Detection Methods for CVE-2026-35606
Indicators of Compromise
- Unusual file access patterns from user accounts with download restrictions
- HTTP requests to content-serving endpoints from accounts that should not have download permissions
- Access logs showing requests to the resource endpoint from restricted users
- Anomalous increases in data retrieval by low-privileged accounts
Detection Strategies
- Implement application-level logging to track all file access attempts and correlate with user permission levels
- Monitor for users with download: false configuration making requests to file content endpoints
- Deploy web application firewall rules to flag potential authorization bypass attempts
- Review File Browser access logs for requests that successfully retrieved content from users with download restrictions
Monitoring Recommendations
- Enable verbose logging in File Browser to capture all file access requests
- Set up alerting for file access events from accounts with restricted download permissions
- Regularly audit user permissions and access patterns to identify potential abuse
- Monitor for exploitation attempts in network traffic targeting File Browser installations
How to Mitigate CVE-2026-35606
Immediate Actions Required
- Upgrade File Browser to version 2.63.1 or later immediately
- Review access logs for any evidence of exploitation prior to patching
- Audit user accounts with download restrictions to identify potentially exposed data
- Consider temporarily restricting access to File Browser installations until patching is complete
Patch Information
The vulnerability has been fixed in File Browser version 2.63.1. The patch ensures that the resourceGetHandler function properly verifies the Perm.Download permission flag before serving any file content, bringing it in line with the other content-serving endpoints.
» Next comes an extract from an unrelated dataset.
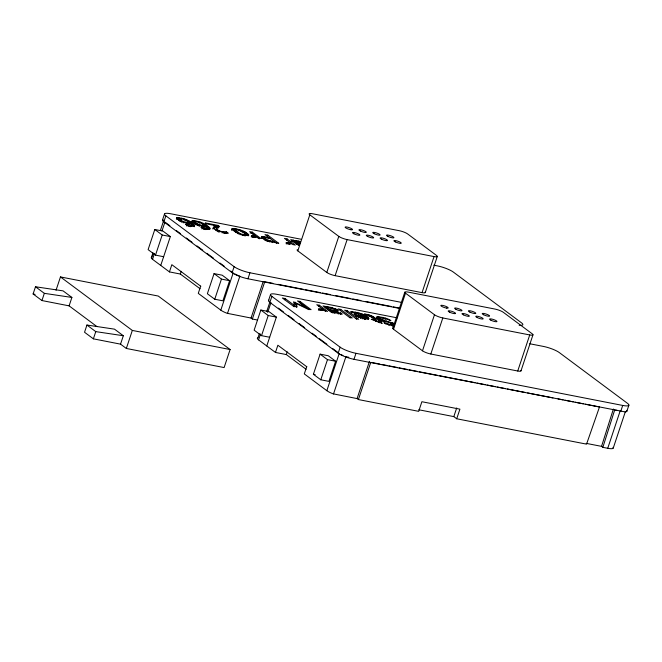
<?xml version="1.0" encoding="UTF-8"?>
<svg xmlns="http://www.w3.org/2000/svg" width="662" height="662" viewBox="0 0 662 662"><rect width="100%" height="100%" fill="white"/><g stroke="black" fill="none" stroke-linecap="round" stroke-linejoin="round"><path stroke-width="0.99" d="M379.665 318.199L380.12 318.703L379.723 319.903L379.26 319.407L379.947 317.934C383.728 317.967 387.344 319.448 390.903 320.582C386.972 317.975 381.759 316.883 377.026 316.941C379.285 322.262 389.579 320.648 394.031 324.719L391.077 324.711L383.91 322.651L385.665 323.958L393.923 325.927M194.669 225.527L194.595 226.032C191.682 226.884 187.909 226.164 185.451 224.352L191.707 225.229L190.83 223.549C185.799 223.417 180.221 221.977 176.539 218.41L176.754 217.798C183.266 217.632 190.408 220.57 194.669 225.527L194.264 226.735L193.081 225.229L188.778 222.283L189.175 221.083M235.002 230.244L234.596 231.443L235.101 229.532C252.718 232.379 244.559 239.545 235.101 229.532M245.106 234.613L244.708 235.813L245.453 235.639L245.693 233.86M613.004 447.313A11.006 2.267 18.4 0 1 607.741 448.29L602.85 447.33L601.543 446.362L613.401 408.992M602.85 447.33L614.7 409.96M69.105 305.861L41.938 300.548L33.1 293.969L35.5 286.762L63.064 290.866L71.901 297.445L69.105 305.861L96.95 326.589M41.938 300.548L44.337 293.34L35.5 286.762M56.047 290.221L60.465 276.931L158.251 296.046L230.111 349.536L224.112 367.567L126.334 348.46L120.534 344.149L93.375 338.836L84.537 332.258L86.937 325.042L114.493 329.155L123.331 335.733L120.534 344.149M93.375 338.836L95.775 331.621L86.937 325.042M160.742 265.437L170.341 236.582L162.951 231.079L154.8 229.491L148.106 249.624L155.496 255.127L163.646 256.715M162.48 220.074L164.482 214.066M151.317 257.741L152.947 252.834M160.452 230.277L163.713 220.471M152.293 256.252L153.27 253.306M399.07 308.318L247.952 278.785A12.297 2.532 18.4 0 1 232.122 272.67L163.853 221.853L165.856 215.845A12.297 2.532 18.4 0 1 170.672 213.76L301.235 239.28M200.073 288.748L180.304 274.027L169.439 271.908L152.541 259.33L154.503 253.447M162 230.889L164.937 222.068M155.496 255.127L162.19 234.993L154.8 229.491M126.334 348.46L132.326 330.429L60.465 276.931M176.754 217.798L176.357 218.998L179.94 219.13M176.886 218.857L177.292 217.657M177.664 218.832L178.061 217.624M178.674 218.915L179.079 217.715M179.377 218.948L181.049 220.463L180.643 221.671C174.934 215.423 188.48 220.628 189.779 222.763L189.382 223.963L188.033 223.946L188.43 222.746L189.779 222.763M178.972 220.148L179.468 218.766M179.088 220.413L179.75 218.667M179.94 221.182L180.337 219.983M181.338 219.436L181.736 218.237M181.413 222.101L181.81 220.893L181.049 220.463M183.275 222.895L183.68 221.696L181.81 220.893M184.127 220.256L184.524 219.056M185.501 220.769L185.906 219.561M169.439 271.908L171.839 264.692L200.809 286.265M186.295 223.698L186.701 222.498L188.43 222.746M187.156 221.472L187.553 220.272M186.461 225.949L186.866 224.741M188.066 226.313L188.471 225.105M189.506 222.54L189.382 223.963M190.35 223.21L190.747 222.002M189.241 226.503L190.168 226.594L190.573 225.394M191.608 222.275L192.27 220.827C198.782 220.661 205.923 223.599 210.185 228.564L210.111 229.06C207.198 229.913 203.424 229.193 200.967 227.389L207.223 228.266L206.345 226.578C201.314 226.445 195.737 225.014 192.054 221.447L192.013 221.075M192.27 220.827L191.864 222.027L194.189 221.952L194.587 220.752M190.168 226.594L190.863 226.57L191.26 225.37M192.402 221.886L192.808 220.686M191.848 224.244L192.253 223.036M190.863 226.57L191.823 224.617M191.31 226.437L191.906 224.981M193.172 221.861L193.577 220.661M193.081 225.229L193.478 224.029M194.984 221.803L196.556 223.499L196.159 224.699C190.54 218.534 203.937 223.607 205.294 225.792L204.897 227M194.603 223.442L195 222.242M193.892 226.065L194.289 224.865M195.456 222.159L195.853 220.959M195.447 224.219L195.853 223.011M180.304 274.027L181.198 271.321M197.326 223.93L196.92 225.13L197.789 225.535L198.186 224.327L196.556 223.499M198.252 222.846L198.65 221.646M199.643 223.293L200.04 222.084M205.294 225.792L199.965 224.981L199.568 226.189L198.79 225.924M201.811 226.727L202.208 225.527M203.069 223.301L202.671 224.509L209.399 229.093L209.804 227.893M201.976 228.978L202.382 227.778M203.54 226.983L203.946 225.775M204.293 225.32L204.69 224.112M203.582 229.342L203.979 228.142M204.757 229.54L205.154 228.332M205.865 226.238L206.263 225.039M205.683 229.623L206.081 228.423M206.37 229.598L206.776 228.398M207.363 227.273L207.76 226.073M207.338 227.654L206.825 229.466L207.413 228.018M208.588 228.266L208.993 227.058M212.891 228.994L213.569 227.323L216.772 225.866L216.375 227.074L213.172 228.522L213.569 227.323M213.76 228.125L214.165 226.925M215.1 227.529L215.498 226.33M216.325 228.613L217.186 229.722L216.78 230.922L215.92 229.813L216.59 228.133L219.652 226.586L218.104 225.436L205.352 222.945L206.618 223.88L216.772 225.866M215.92 229.813L216.59 228.133M216.126 230.318L216.524 229.118M218.104 225.436L217.699 226.636L213.776 225.866M217.988 228.274L218.386 227.066M218.261 230.376L217.864 231.576L219.18 232.155L219.577 230.955L217.186 229.722M200.669 286.158L198.269 293.365L220.81 310.147A11.006 2.267 18.4 0 0 227 313.267L251.055 318.05L252.354 319.018L257.386 320.003M222.151 232.974L222.548 231.774L226.685 232.064L228.258 233.231L218.278 231.195L214.43 229.226L213.288 227.794M223.938 231.99L223.541 233.198L224.741 233.297L226.288 233.264L226.685 232.064M224.741 233.297L225.146 232.089M225.568 233.289L225.965 232.089M226.131 233.231L226.536 232.031M214.058 273.605L207.363 293.738L214.753 299.232L222.904 300.829L229.598 280.696L222.209 275.193L214.058 273.605L221.447 279.099L229.598 280.696M232.081 228.663L231.485 230.169L232.205 229.697L235.564 230.004L235.97 228.795C240.488 229.954 245.883 231.228 248.78 235.118L248.573 235.424C242.714 235.639 235.796 233.438 231.882 228.969L232.602 228.489L235.97 228.795M232.205 229.697L232.602 228.489M233.024 229.664L233.429 228.456M234.149 229.764L234.547 228.564M234.398 231.104L234.836 229.673M235.175 230.69L235.581 229.491M235.705 232.42L236.111 231.22M214.753 299.232L221.447 279.099M237.385 233.52L237.782 232.312M238.75 230.781L239.148 229.582M238.27 233.992L238.668 232.792M240.298 231.286L240.703 230.086M240.141 234.787L240.538 233.587M242.093 235.382L242.491 234.183M248.631 234.679L248.225 235.879L243.277 232.503L243.674 231.303M243.095 235.606L243.492 234.406M244.601 233.173L244.998 231.965M232.122 272.67L234.125 266.662L165.856 215.845M245.188 235.771L245.585 234.571M245.792 233.868L246.198 232.668M245.453 235.639L245.9 234.199M220.81 310.147L233.206 272.885L230.74 271.048M246.868 234.605L247.265 233.396M247.72 235.308L248.126 234.108M259.322 238.858L251.883 233.314L252.28 232.114L249.673 231.601L255.54 235.97L255.143 237.178L252.04 237.104L252.445 235.895L255.54 235.97M251.246 236.938L251.651 235.738L252.445 235.895M227.48 313.44L239.876 276.17L239.396 276.004A11.006 2.267 18.4 0 1 234.803 273.894M253.033 237.261L253.43 236.061M253.894 237.327L254.299 236.127M254.605 237.302L255.002 236.102M261.093 238.27L261.747 236.847L263.41 236.698L269.095 237.658L268.698 238.858M261.747 236.847L261.349 238.047L264.419 238.063L264.825 236.855M247.952 278.785L249.946 272.777L401.064 302.311M262.011 237.906L262.417 236.706M263.004 237.906L263.41 236.698M270.353 238.585L265.189 237.766L264.337 239.056M264.734 237.848L264.171 239.421L264.817 240.049L265.214 238.85L264.552 238.006M265.437 240.463L265.834 239.263L265.214 238.85M267.34 236.334L267.738 235.134L264.99 234.596L276.782 243.368M266.174 240.86L266.571 239.652L265.834 239.263M267.018 241.233L267.415 240.033L266.571 239.652M267.978 241.589L268.375 240.389L274.755 241.862M269.823 242.127L270.22 240.927M272.074 242.623L272.479 241.423M251.055 318.05L263.128 281.764M252.354 319.018L264.759 281.755L272.852 283.336M266.769 345.978L276.368 317.123L268.979 311.62L260.836 310.031L254.134 330.164L261.523 335.667L269.674 337.256M286.663 240.116L287.068 238.908L284.461 238.403L292.728 244.559L295.335 245.064L287.068 238.908M289.931 243.972L290.328 242.772L287.234 242.697L286.828 243.897L286.034 243.74M268.515 300.614L270.51 294.607M287.821 244.063L288.218 242.855M288.682 244.129L289.079 242.929M257.998 337.769L259.297 333.847M266.803 311.289L269.74 302.468M626.608 410.366A12.297 2.532 18.4 0 1 625.135 411.913L353.98 359.325A12.297 2.532 18.4 0 1 338.15 353.21L269.881 302.393L271.883 296.386A12.297 2.532 18.4 0 1 276.699 294.3L397.142 317.843M289.393 244.096L289.791 242.896M306.101 369.288L286.332 354.567L275.466 352.449L258.569 339.871L260.53 333.987M267.705 312.414L270.965 302.608M261.523 335.667L268.218 315.534L260.836 310.031M298.744 244.808L297.255 244.559L290.734 239.627L293.324 240.132L292.927 241.34L291.197 241.001M296.427 240.67L294.209 240.786L293.804 241.994L296.022 241.87L296.427 240.67L300.143 241.448L299.745 242.648L298.711 242.366M294.309 241.895L294.706 240.695M294.979 241.829L295.384 240.629M294.962 242.855L295.36 241.647L299.845 242.035M297.735 242.151L298.132 240.951M297.255 244.559L297.652 243.359L295.36 241.647M298.363 245.387L298.761 244.187L299.538 244.725M425.145 292.074A6.471 1.332 18.4 0 1 422.042 292.645L335.121 275.665A6.471 1.332 18.4 0 1 326.796 272.446L297.817 250.873L309.816 214.811A6.471 1.332 18.4 0 1 312.348 213.718L399.269 230.699A6.471 1.332 18.4 0 1 407.602 233.918L436.572 255.491A6.471 1.332 18.4 0 1 434.04 256.583L347.12 239.594A6.471 1.332 18.4 0 1 338.795 236.384L309.816 214.811M284.701 299.737L285.099 298.537L282.351 297.999L294.201 306.804L294.598 305.604L293.523 301.847L306.994 308.029L297.495 300.953L300.06 301.458L311.082 309.659L307.333 308.931L296.038 303.353L295.641 304.553L296.502 307.251M275.466 352.449L277.866 345.233L306.845 366.806M295.186 302.17L294.789 303.378L296.601 304.272M300.06 301.458L299.663 302.658L309.104 309.692M286.332 354.567L287.234 351.861M326.796 272.446L338.795 236.384M318.993 306.44L319.39 305.24L316.784 304.727L325.605 311.363M322.113 309.22L321.715 310.428L322.651 309.096L319.556 309.022L319.158 310.221L318.364 310.064M320.143 310.387L320.549 309.187M335.121 275.665L347.12 239.594M325.249 307.665L325.646 306.456L323.056 305.952L329.577 310.883L331.066 311.132M306.696 366.698L304.297 373.906L326.846 390.688A11.006 2.267 18.4 0 0 333.027 393.807L357.083 398.59L358.39 399.558L418.69 411.342L421.884 401.726L459.916 409.157L456.714 418.773L586.549 444.144L599.491 406.989L585.324 404.217M327.707 306.953L326.532 307.118L326.126 308.318L327.309 308.161L327.707 306.953L331.439 307.491L336.354 309.286L338.572 311.107L331.091 310.511L330.686 311.711L331.463 312.249L331.869 311.049L331.091 310.511M326.631 308.219L327.028 307.019M327.285 309.179L327.682 307.979C329.982 307.789 336.495 308.095 335.088 311.488M328.352 308.202L328.749 306.994M329.577 310.883L329.982 309.684L327.682 307.979M331.033 308.691L331.439 307.491M330.959 311.91L331.356 310.71M332.067 308.972L332.465 307.772M332.423 311.347L332.018 312.547L332.622 312.812L333.019 311.612L331.869 311.049M334.12 309.675L334.517 308.467M333.259 313.043L333.656 311.843L340.806 313.085L342.213 314.136L333.813 312.53L328.708 310.164M333.888 311.537L334.285 310.337L335.485 310.288M313.391 374.278L320.094 354.145L328.236 355.734L335.626 361.237L328.931 381.37L320.78 379.781L313.391 374.278L315.203 374.634M335.46 308.864L335.063 310.064L337.388 311.347L337.786 310.147M334.624 311.562L335.022 310.362M334.707 313.457L335.104 312.249M335.957 310.495L336.354 309.286M336.751 310.933L337.157 309.725M338.224 314.094L338.63 312.894M340.342 310.61L340.748 309.411L338.133 308.897L350.215 317.959M340.251 314.26L340.649 313.06M340.4 314.285L340.806 313.085M320.78 379.781L327.483 359.64L320.094 354.145M346.838 311.885L347.236 310.677L344.629 310.172L356.71 319.233M351.224 312.886L351.621 311.678C357.637 312.464 364.853 313.689 368.858 318.554L368.643 318.869C363.471 319.365 358.084 317.197 353.922 314.177L364.663 316.27L364.257 317.479M338.15 353.21L340.152 347.202L271.883 296.386M352.217 312.952L352.623 311.752M326.846 390.688L339.242 353.425M354.931 313.358L355.328 312.158M356.752 313.747L357.149 312.547M357.124 316.668L357.53 315.468L365.73 317.065L366.26 317.677L365.697 319.241L364.174 319.283M358.498 314.21L358.903 313.002M358.349 317.437L358.746 316.237L357.53 315.468M333.507 393.981L345.903 356.71L348.849 357.29M360.186 314.731L360.583 313.523M360.467 318.381L360.864 317.181L358.746 316.237M361.8 315.311L362.197 314.111M362.238 318.902L362.644 317.702L365.25 318.141L366.26 317.677M363.306 315.94L363.711 314.74M365.076 315.41L364.679 316.61L368.329 319.316L368.726 318.116M365.176 315.41L365.573 314.21C371.887 314.558 376.364 319.489 381.618 321.939L379.856 321.591L379.458 322.791M364.853 319.349L365.25 318.141M365.912 317.321L366.309 316.122M366.508 315.633L366.905 314.433M367.005 318.066L367.41 316.866M353.98 359.325L355.982 353.318L622.71 405.442A12.297 2.532 18.4 0 0 627.526 403.365L559.258 352.54A12.297 2.532 18.4 0 0 543.436 346.425L529.732 343.752M368.568 316.13L368.966 314.922M367.84 318.753L368.246 317.553M370.885 315.567L370.48 316.767L369.545 316.428M371.779 315.948L371.374 317.148L378.308 321.939L380.071 322.278L380.468 321.078M372.218 317.561L372.615 316.362M372.996 318.025L373.393 316.825M373.724 318.521L374.121 317.321M376.322 318.348L376.719 317.148M377.026 316.941L376.628 318.141L379.359 318.165L379.756 316.957M375.693 321.426L376.099 320.226C373.12 316.122 368.155 315.997 364.257 314.045L365.573 314.21M377.266 318.033L377.663 316.833M378.143 318.033L378.54 316.825M378.308 321.939L378.705 320.731M379.947 317.934L379.26 319.407M380.873 319.175L380.468 320.375L381.403 320.822L381.8 319.622L380.12 318.703M383.166 318.902L383.563 317.702M382.553 321.244L382.959 320.044L394.833 323.784M357.083 398.59L369.479 361.32M383.96 321.658L384.357 320.458M358.39 399.558L370.786 362.296M385.094 319.382L385.499 318.182M385.954 322.179L386.351 320.979M388.197 322.766L388.594 321.558M388.933 325.522L389.339 324.322M390.489 323.42L390.886 322.22M391.548 323.768L391.954 322.568M392.591 324.157L392.988 322.957M392.293 326.159L392.69 324.959M393.551 324.562L393.948 323.362M393.294 326.159L393.7 324.959M392.789 328.294L404.78 292.232M520.837 370.439A6.471 1.332 18.4 0 1 517.734 371.01L430.813 354.021A6.471 1.332 18.4 0 1 422.488 350.802L393.509 329.237L405.508 293.167A6.471 1.332 18.4 0 1 408.04 292.074L494.961 309.063A6.471 1.332 18.4 0 1 503.286 312.282L532.265 333.847A6.471 1.332 18.4 0 1 529.732 334.947L442.812 317.959A6.471 1.332 18.4 0 1 434.479 314.74L405.508 293.167M422.042 292.645L434.04 256.583M425.302 292.488L437.301 256.426M422.488 350.802L434.479 314.74M430.813 354.021L442.812 317.959M456.714 418.773L453.818 416.613L456.697 407.957M517.734 371.01L529.732 334.947M520.994 370.852L532.984 334.79M607.741 448.29L620.137 411.019M620.716 411.458L622.71 405.442M613.277 448.017L625.342 411.731M626.897 411.152L628.9 405.144M216.184 229.333L216.929 228.795M179.071 219.974L179.783 219.85M291.495 243.641C290.08 245.064 283.295 241.804 287.234 242.697M323.817 309.965C322.411 311.388 315.617 308.128 319.556 309.022M151.962 257.228L151.763 257.27A11.006 2.267 18.4 0 0 152.541 259.33M351.621 311.678L350.728 311.637C354.799 314.02 360.749 312.663 364.663 316.27M334.285 310.337L329.982 309.684M44.337 293.34L71.901 297.445M95.775 331.621L123.331 335.733M297.652 243.359L299.886 243.724M433.825 265.189L437.4 265.884A12.297 2.532 18.4 0 1 453.23 271.999L521.499 322.824A12.297 2.532 18.4 0 1 519.165 325.282M250.137 232.974L251.883 233.314M214.529 226.71L216.375 227.074M162.19 234.993L170.341 236.582M277.908 284.321L303.213 289.269M305.232 289.666L320.416 292.629M322.435 293.026L330.537 294.607M335.593 295.6L350.769 298.562M352.796 298.959L360.889 300.54M365.954 301.533L391.25 306.473M393.278 306.87L399.352 308.053M355.477 315.757L357.43 316.138M376.099 320.226L371.291 319.283C374.932 320.656 378.523 322.137 382.239 323.362L379.856 321.591M325.05 310.883L327.657 311.388L319.39 305.24M293.374 306.2L297.188 306.945L296.038 303.353M349.652 317.47L352.258 317.983L340.748 309.411M356.148 318.745L358.754 319.25L347.236 310.677M268.218 315.534L276.368 317.123M33.1 293.969L35.111 294.367M371.796 362.486L379.889 364.075M381.916 364.464L386.98 365.457M388.999 365.854L397.092 367.435M399.12 367.832L407.213 369.413M409.24 369.81L417.333 371.39M419.36 371.787L437.574 375.346M439.601 375.743L467.935 381.279M469.962 381.676L475.018 382.661M477.045 383.058L485.138 384.639M487.166 385.036L495.259 386.616M497.278 387.013L505.379 388.594M507.398 388.991L525.62 392.549M527.639 392.947L552.944 397.887M558 398.88L563.064 399.865M565.083 400.262L573.176 401.842M575.204 402.239L583.296 403.82M615.61 410.134L617.423 410.49M327.483 359.64L335.626 361.237M132.326 330.429L230.111 349.536M418.789 409.77L453.818 416.613M586.209 443.366L601.543 446.362M186.701 222.498L183.68 221.696M222.548 231.774L219.577 230.955M251.651 235.738C249.905 235.854 255.358 237.948 256.707 236.839L257.94 237.757L260.547 238.27L252.28 232.114M362.644 317.702L360.864 317.181M199.965 224.981L198.186 224.327M345.432 356.545L345.903 356.71M333.019 311.612L333.656 311.843M381.8 319.622L382.959 320.044M267.415 240.033L268.375 240.389M241.829 231.865L243.277 232.503M299.133 245.362L296.386 243.839M293.324 240.132L294.209 240.786M267.738 235.134L278.76 243.335C273.158 241.762 265.388 241.878 261.49 237.07M325.646 306.456L326.532 307.118M285.099 298.537L294.598 305.604M165.765 222.68L169.877 225.742M176.456 230.633L180.569 233.694M186.328 237.981L192.079 242.267M197.019 245.941L202.779 250.228M206.892 253.289L213.47 258.188M220.049 263.087L224.161 266.149M278.371 308.12L283.303 311.785M288.243 315.46L294.002 319.746M298.934 323.42L304.694 327.707M312.1 333.218L316.213 336.279M319.498 338.729L326.904 344.24M332.663 348.526L337.595 352.201M191.061 225.345L191.417 225.825M163.853 221.853A12.297 2.532 18.4 0 1 162.984 219.544M249.946 272.777A12.297 2.532 18.4 0 1 234.125 266.662M297.817 250.873A6.471 1.332 18.4 0 1 297.362 249.657M269.881 302.393A12.297 2.532 18.4 0 1 269.012 300.085M355.982 353.318A12.297 2.532 18.4 0 1 340.152 347.202M258.569 339.871A11.006 2.267 18.4 0 1 257.791 337.81M342.941 355.502A11.006 2.267 18.4 0 1 340.831 354.435M393.509 329.237A6.471 1.332 18.4 0 1 393.716 327.897M350.992 229.739L349.958 229.532A3.881 0.803 18.4 0 1 345.44 227.637A3.881 0.803 18.4 0 1 346.971 227.049A3.881 0.803 18.4 0 1 351.803 228.82L352.333 229.218A3.881 0.803 18.4 0 1 350.992 229.739M446.676 308.095L445.65 307.888A3.881 0.803 18.4 0 1 441.132 306.001A3.881 0.803 18.4 0 1 442.663 305.414A3.881 0.803 18.4 0 1 447.495 307.176L448.017 307.582A3.881 0.803 18.4 0 1 446.676 308.095M395.305 241.878A3.881 0.803 18.4 0 0 401.23 243.211A3.881 0.803 18.4 0 0 396.182 240.711A3.881 0.803 18.4 0 0 395.305 241.878M381.502 239.181A3.881 0.803 18.4 0 0 387.435 240.513A3.881 0.803 18.4 0 0 382.388 238.014A3.881 0.803 18.4 0 0 381.502 239.181M367.708 236.483A3.881 0.803 18.4 0 0 373.633 237.815A3.881 0.803 18.4 0 0 368.585 235.316A3.881 0.803 18.4 0 0 367.708 236.483M353.905 233.785A3.881 0.803 18.4 0 0 359.838 235.118A3.881 0.803 18.4 0 0 354.791 232.627A3.881 0.803 18.4 0 0 353.905 233.785M360.343 231.005A3.881 0.803 18.4 0 0 366.276 232.337A3.881 0.803 18.4 0 0 361.229 229.838A3.881 0.803 18.4 0 0 360.343 231.005M374.146 233.703A3.881 0.803 18.4 0 0 380.071 235.035A3.881 0.803 18.4 0 0 375.023 232.536A3.881 0.803 18.4 0 0 374.146 233.703M387.94 236.4A3.881 0.803 18.4 0 0 393.873 237.732A3.881 0.803 18.4 0 0 388.826 235.233A3.881 0.803 18.4 0 0 387.94 236.4M490.989 320.243A3.881 0.803 18.4 0 0 496.922 321.575A3.881 0.803 18.4 0 0 491.874 319.076A3.881 0.803 18.4 0 0 490.989 320.243M477.194 317.545A3.881 0.803 18.4 0 0 483.119 318.877A3.881 0.803 18.4 0 0 478.08 316.378A3.881 0.803 18.4 0 0 477.194 317.545M463.392 314.847A3.881 0.803 18.4 0 0 469.325 316.179A3.881 0.803 18.4 0 0 464.277 313.68A3.881 0.803 18.4 0 0 463.392 314.847M449.597 312.15A3.881 0.803 18.4 0 0 455.53 313.482A3.881 0.803 18.4 0 0 450.483 310.983A3.881 0.803 18.4 0 0 449.597 312.15M469.83 312.067A3.881 0.803 18.4 0 0 475.763 313.399A3.881 0.803 18.4 0 0 470.715 310.9A3.881 0.803 18.4 0 0 469.83 312.067M456.035 309.369A3.881 0.803 18.4 0 0 461.968 310.701A3.881 0.803 18.4 0 0 456.921 308.202A3.881 0.803 18.4 0 0 456.035 309.369M483.632 314.764A3.881 0.803 18.4 0 0 489.566 316.088A3.881 0.803 18.4 0 0 484.518 313.598A3.881 0.803 18.4 0 0 483.632 314.764"/></g></svg>

Organizations should update to this version or later as soon as possible.
For detailed information about the security fix, refer to the GitHub Security Advisory.
Workarounds
- Temporarily disable external access to File Browser installations until the patch can be applied
- Implement network-level access controls to restrict File Browser access to trusted IP ranges
- Configure reverse proxy rules to block requests to the vulnerable endpoint
- Review and temporarily elevate download permissions for affected users to reduce attack surface complexity while monitoring for exploitation
# Configuration example - Restrict network access via firewall
# Allow only trusted internal network to access File Browser
iptables -A INPUT -p tcp --dport 8080 -s 192.168.1.0/24 -j ACCEPT
iptables -A INPUT -p tcp --dport 8080 -j DROP
# Alternative: Use nginx to restrict access while patching
# Add to nginx configuration for File Browser
# location / {
# allow 192.168.1.0/24;
# deny all;
# proxy_pass http://localhost:8080;
# }
Disclaimer: This content was generated using AI. While we strive for accuracy, please verify critical information with official sources.